# end of the season =(



## quick draw mcgraw 15 (Feb 15, 2010)

well, how well was everyone's goose season? i am truely sad that the season is over...


----------



## big_fish (Dec 21, 2004)

well sad to see it go it was my first yr waterfowl hunting and I loved it learned alot just being out and got alot of memories the first time we got a flock to change directions and come to us,the first time we had geese land in our decoys,the first group of mallards circle,the first duck hitting the water ect it was a great yr and cant wait for next season already looking for new gun and more decoys(geese) anyways thanks for all the info to everyone on this site for the help we have a new lab pup on the way hopfully hes ready for next year


----------



## ducky152000 (Jul 20, 2005)

Awesome year! we helped keep the goose population stable. The ducks was hit or miss this hole year, if we had ducks around we crushed em and if they werent around we killed geese. we killed 16 bands all geese no duck. and made alot of great memiories and took alot of photos. Now im ready for some crow slayin and ice fishin.


----------



## Mushijobah (May 4, 2004)

Sad to see it go. Had the pleasure with hunting with a few guys on here and learned a lot from all of them. ErieAngler and ringmuskie together were a hoot but they both sure know what they're doing around a spread of decoys! Thanks guys.

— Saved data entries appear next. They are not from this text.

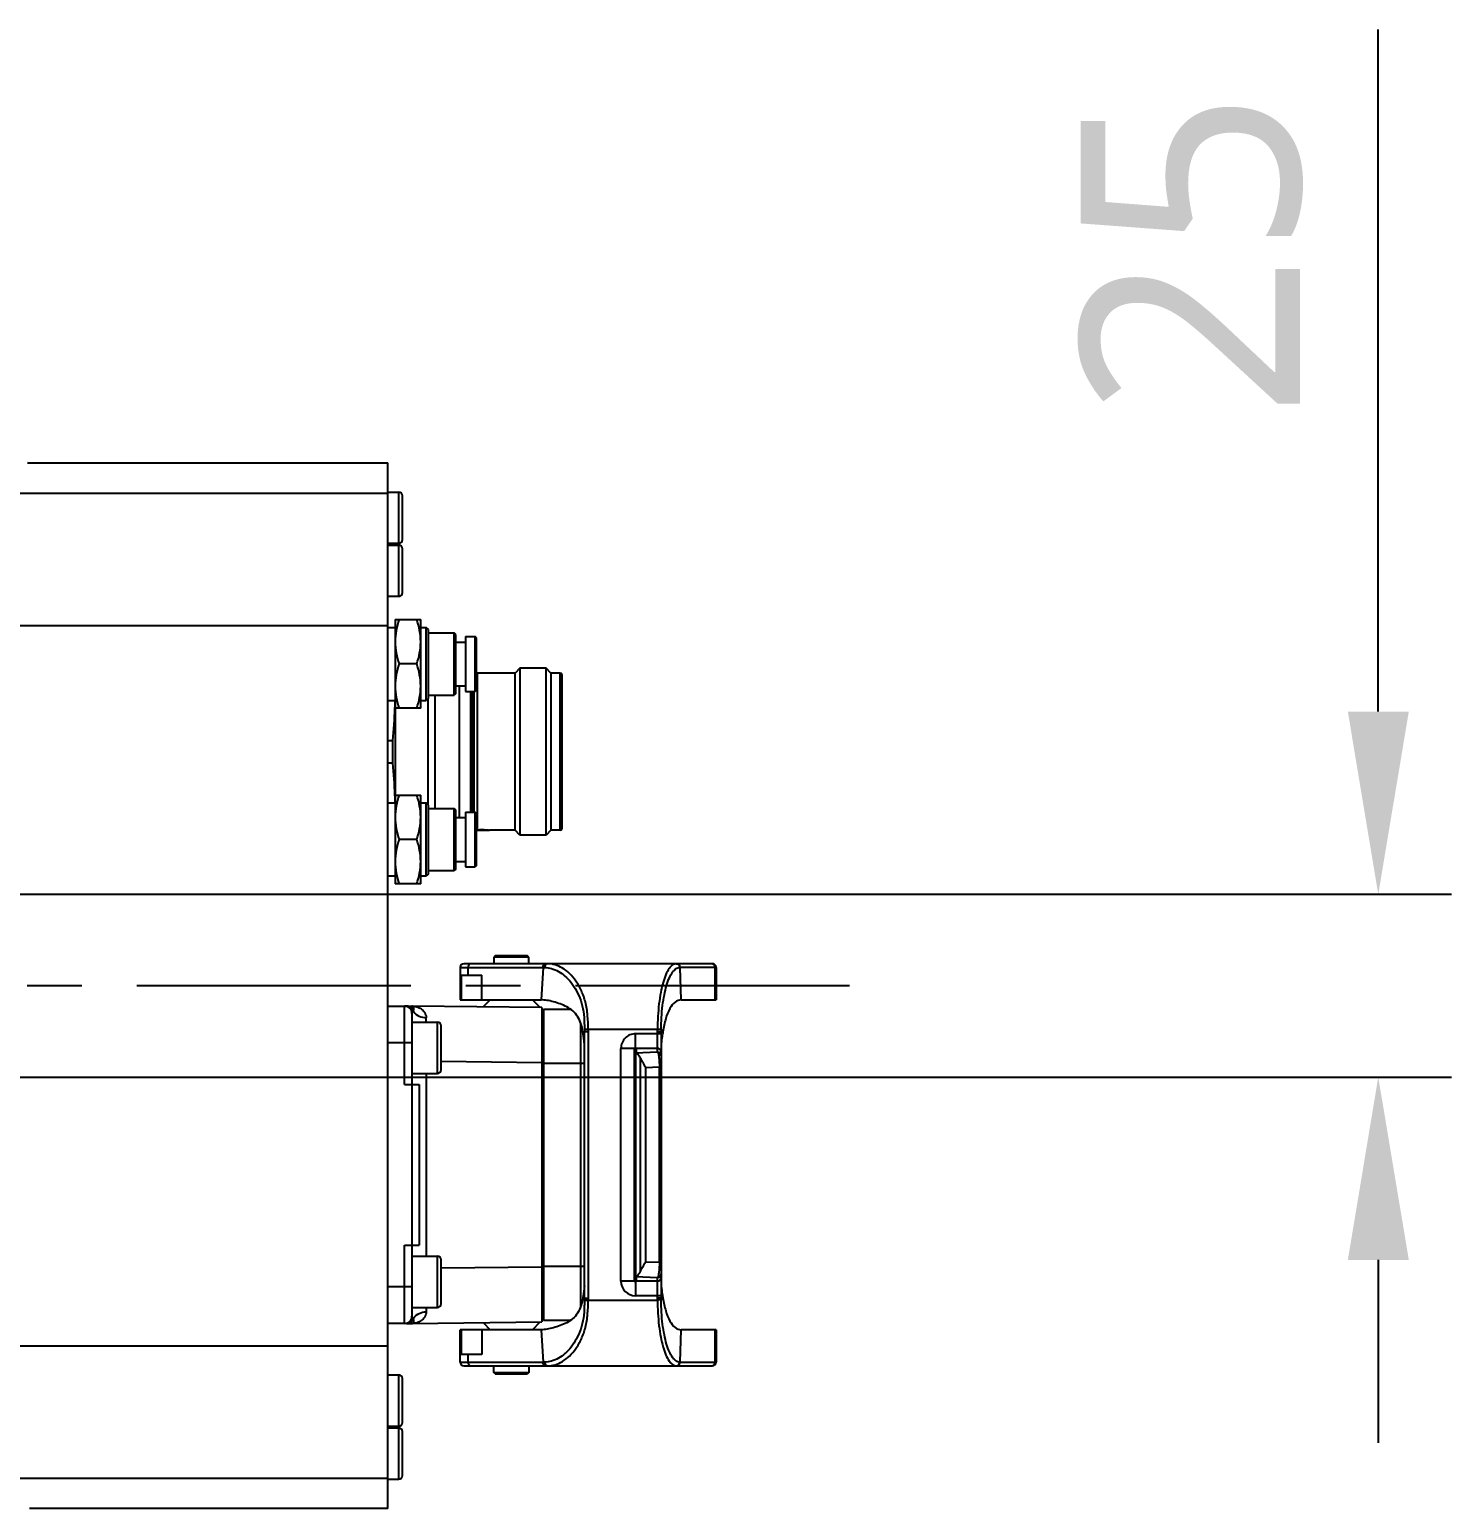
# Model space of a CAD drawing. Header units: millimetres. Extents: x 5828 to 6704, y 123 to 421.
# Drawn here: x 6427.38 to 6437.1, y 205.61 to 215.72 of the extents above; entities that cross this region are included whole.
import ezdxf

# ---------------------------------------------------------------- set-up
doc = ezdxf.new("R2010")
doc.units = ezdxf.units.MM
doc.linetypes.add('CENTER', pattern=[0.6, 0.375, -0.075, 0.075, -0.075])
for name, color, linetype in [('中心线', 7, 'Continuous'), ('外形图', 7, 'Continuous'), ('尺寸标注', 7, 'Continuous')]:
    doc.layers.add(name, color=color, linetype=linetype)
doc.styles.add('微软雅黑', font='msyh.ttc', dxfattribs={"height": 1.5})
doc.dimstyles.new('尺寸标注_1_20比例', dxfattribs={"dimtxt": 1.5, "dimasz": 1.25, "dimexe": 0.5, "dimexo": 0.4, "dimgap": 0.5, "dimtad": 1, "dimdec": 1, "dimlfac": 20, "dimdsep": 46, "dimtxsty": '微软雅黑', "dimcen": 0.09, "dimadec": 0, "dimazin": 0, "dimtp": 0.01, "dimtm": 0.01, "dimtfac": 1, "dimtdec": 1, "dimtofl": 0, "dimtmove": 0, "dimatfit": 3, "dimfxl": 1, "dimtolj": 1, "dimarcsym": 0})

# ---------------------------------------------------------------- blocks, each defined once
blk = doc.blocks.new('*D1114')
at = {"layer": 'Defpoints', "color": 0}
for p in [(6417.802, 209.811), (6417.802, 208.561), (6436.601, 208.561)]:
    blk.add_point(p, dxfattribs=at)
at = {"layer": '尺寸标注', "color": 0, "lineweight": -2}
for p, q in [((6436.601, 211.061), (6436.601, 215.725)), ((6418.202, 209.811), (6437.101, 209.811)), ((6418.202, 208.561), (6437.101, 208.561)), ((6436.601, 207.311), (6436.601, 206.061))]:
    blk.add_line(p, q, dxfattribs=at)
at = {"layer": '尺寸标注', "color": 0}
for points in [[(6436.393, 211.061), (6436.81, 211.061), (6436.601, 209.811)], [(6436.81, 207.311), (6436.393, 207.311), (6436.601, 208.561)]]:
    blk.add_solid(points, dxfattribs=at)
at = {"layer": '尺寸标注', "color": 0, "insert": (6435.326, 214.19), "char_height": 1.5, "attachment_point": 5, "rotation": 90, "style": '微软雅黑'}
blk.add_mtext('\\A1;25', dxfattribs=at)

msp = doc.modelspace()

# ---------------------------------------------------------------- linework, layer by layer
at = {"layer": '中心线', "linetype": 'CENTER', "ltscale": 5}
msp.add_line((6395.1097, 209.1865), (6433.2693, 209.1865), dxfattribs=at)
at = {"layer": '外形图', "color": 7, "linetype": 'Continuous'}
for p, q in [((6427.3765, 212.7615), (6429.8267, 212.7615)), ((6429.8267, 205.6115), (6429.8267, 212.7615)), ((6426.1637, 212.5553), (6429.8267, 212.5553)), ((6429.8267, 212.5615), (6429.9017, 212.5615)), ((6429.9017, 212.2115), (6429.9017, 212.5615)), ((6429.9267, 212.2365), (6429.9267, 212.5365)), ((6429.8267, 212.2115), (6429.9017, 212.2115)), ((6429.8267, 212.199), (6429.9017, 212.199)), ((6429.9017, 211.849), (6429.9017, 212.199)), ((6429.9267, 211.874), (6429.9267, 212.174)), ((6429.8267, 211.849), (6429.9017, 211.849)), ((6429.8767, 211.6896), (6430.0517, 211.6896)), ((6429.8767, 211.6896), (6429.8767, 209.8834)), ((6430.0517, 211.0834), (6430.0517, 211.6896)), ((6426.4515, 211.6497), (6429.8267, 211.6497)), ((6429.8267, 211.6365), (6429.8767, 211.6365)), ((6430.0517, 211.6365), (6430.0892, 211.6365)), ((6430.0892, 211.1365), (6430.0892, 211.6365)), ((6430.1042, 211.6215), (6430.0892, 211.6365)), ((6430.1042, 211.1515), (6430.1042, 211.6215)), ((6430.1042, 211.599), (6430.2812, 211.599)), ((6430.2812, 211.174), (6430.2812, 211.599)), ((6430.2912, 211.589), (6430.2812, 211.599)), ((6430.2912, 211.184), (6430.2912, 211.589)), ((6430.3577, 211.574), (6430.4242, 211.574)), ((6430.3577, 211.574), (6430.3577, 211.199)), ((6430.4242, 211.199), (6430.4242, 211.574)), ((6430.4342, 211.564), (6430.4242, 211.574)), ((6430.2912, 211.5365), (6430.3577, 211.5365)), ((6430.4342, 211.209), (6430.4342, 211.564)), ((6430.0246, 211.3865), (6429.9038, 211.3865)), ((6430.4369, 211.324), (6430.4342, 211.3287)), ((6430.6967, 211.324), (6430.4369, 211.324)), ((6430.4369, 211.324), (6430.4369, 210.2503)), ((6430.7292, 211.3565), (6430.6967, 211.324)), ((6430.6967, 210.249), (6430.6967, 211.324)), ((6430.9092, 211.3565), (6430.7292, 211.3565)), ((6430.7292, 211.3565), (6430.7292, 210.2165)), ((6430.9417, 211.324), (6430.9092, 211.3565)), ((6430.9092, 210.2165), (6430.9092, 211.3565)), ((6431.0067, 211.324), (6430.9417, 211.324)), ((6430.9417, 211.324), (6430.9417, 210.249)), ((6431.0067, 210.249), (6431.0067, 211.324)), ((6431.0167, 211.314), (6431.0167, 210.259)), ((6430.1042, 211.174), (6430.2812, 211.174)), ((6430.1492, 211.174), (6430.1492, 210.399)), ((6430.2912, 211.184), (6430.2812, 211.174)), ((6430.2912, 211.2365), (6430.3577, 211.2365)), ((6430.3167, 210.3365), (6430.3167, 211.2365)), ((6430.3577, 211.199), (6430.4242, 211.199)), ((6430.3917, 211.199), (6430.3917, 210.374)), ((6430.4017, 211.199), (6430.4017, 210.374)), ((6430.4167, 210.374), (6430.4167, 211.199)), ((6430.4342, 211.209), (6430.4242, 211.199)), ((6429.8267, 211.1365), (6429.8767, 211.1365)), ((6430.0517, 211.0834), (6429.8767, 211.0834)), ((6430.0517, 211.1365), (6430.0892, 211.1365)), ((6430.1042, 211.1515), (6430.0892, 211.1365)), ((6430.1017, 210.424), (6430.1017, 211.149)), ((6429.8267, 210.8638), (6429.8617, 210.8638)), ((6429.8617, 210.7091), (6429.8617, 210.8638)), ((6429.8617, 210.7091), (6429.8267, 210.7091)), ((6429.8767, 210.4896), (6430.0517, 210.4896)), ((6430.0517, 209.8834), (6430.0517, 210.4896)), ((6429.8267, 210.4365), (6429.8767, 210.4365)), ((6430.0517, 210.4365), (6430.0892, 210.4365)), ((6430.0892, 209.9365), (6430.0892, 210.4365)), ((6430.1042, 210.4215), (6430.0892, 210.4365)), ((6430.1042, 209.9515), (6430.1042, 210.4215)), ((6430.1042, 210.399), (6430.2812, 210.399)), ((6430.2812, 209.974), (6430.2812, 210.399)), ((6430.2912, 210.389), (6430.2812, 210.399)), ((6430.2912, 209.984), (6430.2912, 210.389)), ((6430.3577, 210.374), (6430.4242, 210.374)), ((6430.3577, 210.374), (6430.3577, 209.999)), ((6430.4242, 209.999), (6430.4242, 210.374)), ((6430.4342, 210.364), (6430.4242, 210.374)), ((6430.4342, 210.009), (6430.4342, 210.364)), ((6430.2912, 210.3365), (6430.3577, 210.3365)), ((6430.0246, 210.1865), (6429.9038, 210.1865)), ((6430.4341, 210.2452), (6430.4365, 210.2495)), ((6430.4365, 210.2495), (6430.5217, 210.2495)), ((6430.6967, 210.249), (6430.5217, 210.249)), ((6430.7292, 210.2165), (6430.6967, 210.249)), ((6430.9092, 210.2165), (6430.7292, 210.2165)), ((6430.9417, 210.249), (6430.9092, 210.2165)), ((6431.0067, 210.249), (6430.9417, 210.249)), ((6430.1042, 209.9515), (6430.0892, 209.9365)), ((6430.1042, 209.974), (6430.2812, 209.974)), ((6430.2912, 209.984), (6430.2812, 209.974)), ((6430.2912, 210.0365), (6430.3577, 210.0365)), ((6430.3577, 209.999), (6430.4242, 209.999)), ((6430.4342, 210.009), (6430.4242, 209.999)), ((6429.8267, 209.9365), (6429.8767, 209.9365)), ((6430.0517, 209.8834), (6429.8767, 209.8834)), ((6430.0517, 209.9365), (6430.0892, 209.9365)), ((6430.5617, 209.3915), (6430.5517, 209.3815)), ((6430.7917, 209.3815), (6430.5517, 209.3815)), ((6430.5517, 209.3815), (6430.5517, 209.3365)), ((6430.7817, 209.3915), (6430.5617, 209.3915)), ((6430.7917, 209.3815), (6430.7817, 209.3915)), ((6430.7917, 209.3365), (6430.7917, 209.3815)), ((6430.3217, 209.3115), (6430.8885, 209.3115)), ((6430.3217, 209.3115), (6430.3217, 209.0893)), ((6430.3277, 209.2593), (6430.469, 209.2593)), ((6430.3277, 209.2593), (6430.3277, 209.0893)), ((6432.0467, 209.3365), (6430.3467, 209.3365)), ((6430.3749, 209.3115), (6430.3749, 209.2593)), ((6430.469, 209.0893), (6430.469, 209.2593)), ((6430.8885, 209.3115), (6430.8745, 209.0893)), ((6431.8232, 209.3114), (6431.8261, 209.3115)), ((6432.0717, 209.3115), (6431.8261, 209.3115)), ((6431.8325, 209.0893), (6431.8261, 209.3115)), ((6432.0659, 209.0893), (6432.0659, 209.3115)), ((6432.0717, 209.3115), (6432.0717, 209.0893)), ((6429.8267, 209.0465), (6429.9917, 209.0465)), ((6429.9417, 208.5115), (6429.9417, 209.0465)), ((6430.8792, 209.0365), (6429.9917, 209.0465)), ((6429.9918, 209.0465), (6429.9917, 209.0465)), ((6429.9921, 209.0465), (6429.9918, 209.0465)), ((6430.3217, 209.0893), (6430.8745, 209.0893)), ((6430.4789, 209.041), (6430.5272, 209.0893)), ((6430.8162, 209.0893), (6430.8689, 209.0366)), ((6431.8325, 209.0893), (6432.0717, 209.0893)), ((6429.9917, 208.9965), (6429.9917, 206.9265)), ((6430.8792, 209.0365), (6430.8792, 206.8865)), ((6430.8792, 208.9727), (6430.8917, 208.9727)), ((6430.8917, 209.0252), (6431.0771, 209.0252)), ((6430.8917, 209.0252), (6430.8917, 206.8977)), ((6429.9917, 208.9365), (6430.1667, 208.9365)), ((6430.1667, 208.5865), (6430.1667, 208.9365)), ((6430.1917, 208.6115), (6430.1917, 208.9115)), ((6431.1463, 206.9925), (6431.1463, 208.9305)), ((6431.1962, 208.8865), (6431.1712, 208.8863)), ((6431.1713, 207.0503), (6431.1713, 208.8727)), ((6431.6715, 208.8865), (6431.1962, 208.8865)), ((6431.1963, 208.8729), (6431.1963, 207.05)), ((6431.6963, 208.8575), (6431.5212, 208.8575)), ((6431.6713, 208.8726), (6431.6963, 208.8726)), ((6431.6713, 208.7321), (6431.6713, 208.8726)), ((6431.6965, 208.8861), (6431.6715, 208.8865)), ((6431.6809, 208.8726), (6431.689, 208.8726)), ((6431.6944, 208.8726), (6431.6963, 208.8726)), ((6431.6963, 208.8726), (6431.6963, 207.0504)), ((6429.9917, 208.7965), (6429.8267, 208.7963)), ((6431.5109, 208.7572), (6431.4213, 208.7572)), ((6431.4213, 207.1658), (6431.4213, 208.7572)), ((6431.5313, 208.7522), (6431.5121, 208.7537)), ((6431.5121, 208.7537), (6431.5121, 207.1693)), ((6431.5313, 208.7495), (6431.5121, 208.751)), ((6431.5313, 208.7468), (6431.5121, 208.7483)), ((6431.5121, 208.7456), (6431.5313, 208.7468)), ((6431.5313, 208.7441), (6431.5121, 208.7456)), ((6431.5121, 208.7429), (6431.5313, 208.7441)), ((6431.5313, 208.7414), (6431.5121, 208.7429)), ((6431.5121, 208.7402), (6431.5313, 208.7414)), ((6431.5313, 208.7388), (6431.5121, 208.7402)), ((6431.5121, 208.7375), (6431.5313, 208.7388)), ((6431.5313, 208.7361), (6431.5121, 208.7375)), ((6431.5207, 208.7354), (6431.5313, 208.7361)), ((6431.6713, 208.7577), (6431.5212, 208.7577)), ((6431.5213, 208.7604), (6431.5213, 208.7674)), ((6431.5213, 208.7591), (6431.5213, 208.7604)), ((6431.5213, 208.7583), (6431.5213, 208.7591)), ((6431.5313, 208.7549), (6431.5213, 208.7557)), ((6431.5213, 208.7557), (6431.5213, 208.7537)), ((6431.5213, 208.7516), (6431.5313, 208.7522)), ((6431.5213, 208.7489), (6431.5313, 208.7495)), ((6431.5214, 208.7543), (6431.5313, 208.7549)), ((6430.1917, 208.6693), (6430.8792, 208.6616)), ((6430.8917, 208.6577), (6430.8792, 208.6577)), ((6431.1713, 208.6552), (6430.8917, 208.6552)), ((6431.5313, 208.7334), (6431.5121, 208.7348)), ((6431.5313, 208.7307), (6431.5121, 208.7321)), ((6431.5313, 208.728), (6431.5121, 208.7294)), ((6431.5209, 208.7327), (6431.5313, 208.7334)), ((6431.521, 208.73), (6431.5313, 208.7307)), ((6431.6713, 208.7321), (6431.5213, 208.7256)), ((6431.5213, 208.7273), (6431.5313, 208.728)), ((6431.5213, 208.7273), (6431.5213, 207.1956)), ((6431.5545, 207.2313), (6431.5545, 208.6917)), ((6429.9917, 208.5865), (6430.1667, 208.5865)), ((6430.0891, 208.5865), (6430.0891, 207.3365)), ((6431.589, 208.6265), (6431.6846, 208.6306)), ((6431.589, 208.6265), (6431.589, 207.2965)), ((6431.6963, 208.6306), (6431.6846, 208.6306)), ((6431.6846, 207.2924), (6431.6846, 208.6306)), ((6429.9417, 208.5115), (6430.0417, 208.5115)), ((6430.0417, 208.5115), (6430.0417, 207.4115)), ((6429.9417, 207.4115), (6430.0417, 207.4115)), ((6429.9417, 206.877), (6429.9417, 207.4115)), ((6429.9917, 207.3365), (6430.1667, 207.3365)), ((6430.1667, 206.9865), (6430.1667, 207.3365)), ((6430.1917, 207.0115), (6430.1917, 207.3115)), ((6430.8792, 207.2614), (6430.1917, 207.2537)), ((6430.8792, 207.2652), (6430.8917, 207.2652)), ((6430.8917, 207.2677), (6431.1713, 207.2677)), ((6431.6846, 207.2924), (6431.589, 207.2965)), ((6431.6846, 207.2924), (6431.6963, 207.2924)), ((6429.9917, 207.1265), (6429.8267, 207.1265)), ((6431.5121, 207.1935), (6431.5313, 207.195)), ((6431.5121, 207.1908), (6431.5313, 207.1923)), ((6431.5121, 207.1882), (6431.5313, 207.1896)), ((6431.5121, 207.1855), (6431.5313, 207.1869)), ((6431.5313, 207.1842), (6431.5121, 207.1855)), ((6431.5121, 207.1828), (6431.5313, 207.1842)), ((6431.5313, 207.1815), (6431.5121, 207.1828)), ((6431.5121, 207.1801), (6431.5313, 207.1815)), ((6431.5313, 207.1788), (6431.5121, 207.1801)), ((6431.5121, 207.1774), (6431.5313, 207.1788)), ((6431.5313, 207.1761), (6431.5121, 207.1774)), ((6431.5121, 207.1747), (6431.5313, 207.1761)), ((6431.5121, 207.172), (6431.5313, 207.1735)), ((6431.5121, 207.1693), (6431.5313, 207.1708)), ((6431.5313, 207.1869), (6431.5206, 207.1876)), ((6431.5313, 207.1896), (6431.5208, 207.1903)), ((6431.5313, 207.1923), (6431.521, 207.193)), ((6431.6713, 207.1653), (6431.5212, 207.1653)), ((6431.5213, 207.1974), (6431.6713, 207.1909)), ((6431.5313, 207.195), (6431.5213, 207.1956)), ((6431.5313, 207.1735), (6431.5213, 207.1741)), ((6431.5313, 207.1708), (6431.5213, 207.1714)), ((6431.5213, 207.1693), (6431.5213, 207.1673)), ((6431.5213, 207.1673), (6431.5313, 207.1681)), ((6431.5313, 207.1681), (6431.5214, 207.1687)), ((6431.6713, 207.0504), (6431.6713, 207.1909)), ((6431.1712, 207.0367), (6431.1962, 207.0365)), ((6431.1962, 207.0365), (6431.6714, 207.0365)), ((6431.6963, 207.0655), (6431.5213, 207.0655)), ((6431.6965, 207.0369), (6431.6714, 207.0365)), ((6429.9917, 206.9865), (6430.1667, 206.9865)), ((6430.8917, 206.9502), (6430.8792, 206.9502)), ((6429.9417, 206.877), (6429.8267, 206.877)), ((6429.9556, 206.877), (6429.9917, 206.877)), ((6429.9917, 206.8765), (6430.8792, 206.8865)), ((6429.9917, 206.8765), (6429.9918, 206.8765)), ((6429.9918, 206.8765), (6429.9921, 206.8765)), ((6430.8745, 206.8336), (6430.3217, 206.8336)), ((6430.3217, 206.6115), (6430.3217, 206.8336)), ((6430.3277, 206.8336), (6430.3277, 206.6636)), ((6430.469, 206.8336), (6430.469, 206.6636)), ((6430.4789, 206.882), (6430.5272, 206.8336)), ((6430.8162, 206.8336), (6430.8689, 206.8864)), ((6430.8745, 206.8336), (6430.8885, 206.6115)), ((6431.0772, 206.8977), (6430.8917, 206.8977)), ((6431.8261, 206.6115), (6431.8325, 206.8336)), ((6432.0717, 206.8336), (6431.8325, 206.8336)), ((6432.0659, 206.6115), (6432.0659, 206.8336)), ((6432.0717, 206.8336), (6432.0717, 206.6115)), ((6426.4515, 206.7232), (6429.8267, 206.7232)), ((6430.469, 206.6636), (6430.3277, 206.6636)), ((6430.3749, 206.6636), (6430.3749, 206.6115)), ((6429.8267, 206.524), (6429.9017, 206.524)), ((6429.9017, 206.174), (6429.9017, 206.524)), ((6430.3217, 206.6115), (6430.8885, 206.6115)), ((6430.3467, 206.5865), (6432.0467, 206.5865)), ((6430.5517, 206.5415), (6430.5517, 206.5865)), ((6430.5517, 206.5415), (6430.7917, 206.5415)), ((6430.5617, 206.5315), (6430.5517, 206.5415)), ((6430.5617, 206.5315), (6430.7817, 206.5315)), ((6430.7917, 206.5415), (6430.7817, 206.5315)), ((6430.7917, 206.5865), (6430.7917, 206.5415)), ((6431.8261, 206.6115), (6431.8232, 206.6116)), ((6431.8261, 206.6115), (6432.0717, 206.6115)), ((6429.9267, 206.199), (6429.9267, 206.499)), ((6429.8267, 206.174), (6429.9017, 206.174)), ((6429.8267, 206.1615), (6429.9017, 206.1615)), ((6429.9017, 205.8115), (6429.9017, 206.1615)), ((6429.9267, 205.8365), (6429.9267, 206.1365)), ((6426.1636, 205.8177), (6429.8267, 205.8177)), ((6429.8267, 205.8115), (6429.9017, 205.8115)), ((6429.8267, 205.6115), (6427.3765, 205.6115))]:
    msp.add_line(p, q, dxfattribs=at)
for centre, radius, start, end in [((6427.3766, 212.8119), 0.0504, 254.40783, 269.92025), ((6429.9017, 212.5365), 0.025, 0, 90), ((6429.9017, 212.2365), 0.025, 270, 0), ((6429.9017, 212.174), 0.025, 0, 90), ((6429.9017, 211.874), 0.025, 270, 0), ((6431.0067, 211.314), 0.01, 0, 90), ((6427.0272, 211.162), 2.8495, 358.42029, 359.4881), ((6427.0272, 210.411), 2.8495, 0.51191, 1.57972), ((6431.0067, 210.259), 0.01, 270, 0), ((6430.3467, 209.3115), 0.025, 90, 180), ((6432.0467, 209.3115), 0.025, 0, 90.00018), ((6429.9417, 208.9965), 0.05, 359.99962, 90), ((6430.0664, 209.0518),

The hunt for productive fields, rivers, and wetlands continue.


----------



## ringmuskie9 (Mar 26, 2009)

Mushijobah(Kyle) Great hunting with you this year hopefully get a few more hunts in next year as well. It's hard to believe that the season is over already. I had a lot of fun this year met a lot of new people. 

Big fish I might be getting rid of some full body goose decoys if your interested let me know.


----------



## quick draw mcgraw 15 (Feb 15, 2010)

our last day of the season hunt, thanks to goose commader, his son jake their uncle jim, and my dad damnfish and 2 great dogs amigo and deke.. thanks john i really had a blast. looking forward to hunting with you guys next season...


----------



## mrphish42 (Jan 24, 2008)

Great pic. quick draw!!!!!!!!!!!!!! All good things come to a close.....sooner or later....Gives ya something to look forward to.........next season.........


----------



## quick draw mcgraw 15 (Feb 15, 2010)

thanks gpa, we will hopefully have some pics with geese and u in them next season... love ya


----------



## quick draw mcgraw 15 (Feb 15, 2010)

208 days to go!!!!! =)


----------



## CRAPPIE LOVER (Feb 11, 2007)

Parker... glad to see you got some geese on the ground...Did not recognize your dad with that full beard..Next year will be here before you know it....JIM....CL....!$


----------



## quick draw mcgraw 15 (Feb 15, 2010)

yeah he looks different, yeah i was glad we could end the season like that, yes like u said the season will be here before we know it........=)


----------